Investors shrugged off concerns about escalating geopolitical tensions and poured $79.9bn into international mutual funds and exchange-traded funds through the Lipper fund-flows week ended April 11, 2018.

Investors were net redeemers of domestic equity funds, withdrawing $24.9bn this year as of April 11.

Net flows into emerging markets funds (+$21.7bn) accounted for almost one third of those new international fund purchases, while the diversified international fund classifications took in $52.5bn this year as of April 11.  Lipper’s international multi-cap core funds, a go-anywhere classification, took in $35.4bn of those net inflows.

Equity ETFs overall witnessed net inflows for the first flows week in four, taking in a little less than $6.1bn.

The flows went to domestic equity ETFs (+$5.7bn), for the first week in four, and nondomestic equity ETFs (+369m), for the second week in a row.

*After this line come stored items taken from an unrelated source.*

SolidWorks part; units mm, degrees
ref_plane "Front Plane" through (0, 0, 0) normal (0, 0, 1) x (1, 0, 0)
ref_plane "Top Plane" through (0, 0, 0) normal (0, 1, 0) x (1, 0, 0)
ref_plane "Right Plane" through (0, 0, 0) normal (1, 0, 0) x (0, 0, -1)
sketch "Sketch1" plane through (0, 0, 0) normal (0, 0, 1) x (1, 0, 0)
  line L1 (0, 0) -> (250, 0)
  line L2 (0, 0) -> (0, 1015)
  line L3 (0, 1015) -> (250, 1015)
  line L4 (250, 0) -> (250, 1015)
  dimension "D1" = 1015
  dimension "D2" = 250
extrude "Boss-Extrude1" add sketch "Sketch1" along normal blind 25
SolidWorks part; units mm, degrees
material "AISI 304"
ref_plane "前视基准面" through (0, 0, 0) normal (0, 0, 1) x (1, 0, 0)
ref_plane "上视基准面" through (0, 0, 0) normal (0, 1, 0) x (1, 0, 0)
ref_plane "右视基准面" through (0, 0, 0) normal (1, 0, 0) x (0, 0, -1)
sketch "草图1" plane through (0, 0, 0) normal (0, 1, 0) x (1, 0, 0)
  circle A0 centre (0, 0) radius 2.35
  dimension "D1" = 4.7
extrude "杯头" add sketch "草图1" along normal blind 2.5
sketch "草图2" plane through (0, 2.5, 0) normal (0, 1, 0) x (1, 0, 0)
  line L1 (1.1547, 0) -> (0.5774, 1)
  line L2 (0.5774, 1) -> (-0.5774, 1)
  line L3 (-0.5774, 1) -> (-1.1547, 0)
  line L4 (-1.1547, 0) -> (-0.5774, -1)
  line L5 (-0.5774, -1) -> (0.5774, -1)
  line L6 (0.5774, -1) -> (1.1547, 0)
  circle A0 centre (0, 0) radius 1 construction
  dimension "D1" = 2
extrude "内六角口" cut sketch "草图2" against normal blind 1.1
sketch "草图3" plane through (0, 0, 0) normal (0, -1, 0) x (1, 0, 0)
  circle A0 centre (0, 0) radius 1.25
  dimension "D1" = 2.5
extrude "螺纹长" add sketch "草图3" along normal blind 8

In contrast, for the third week in a row, mutual funds (ex-ETF) investors were net sellers of equity funds, redeeming $346m. Domestic equity funds, handing back a little less than $1.6bn, witnessed their seventh consecutive weekly net outflows while posting a 0.27% return on average for the flows week. Meanwhile, their nondomestic equity fund counterparts, posting a 1.10% gain on average, witnessed their fourth consecutive week of net inflows (+$1.2bn).

This year, the trend is very clear: mutual fund investors are embracing nondomestic funds (injecting $47.4bn), while rejecting domestic equity funds (redeeming $28bn).

Meanwhile, ETF investors plowed $32.5bn net into nondomestic equity ETFs, and domestic equity ETFs attracted $3.1bn net.

While the trend is not as lopsided on the ETF side of the business, it appears that ETF investors still favor foreign equity investments over domestic.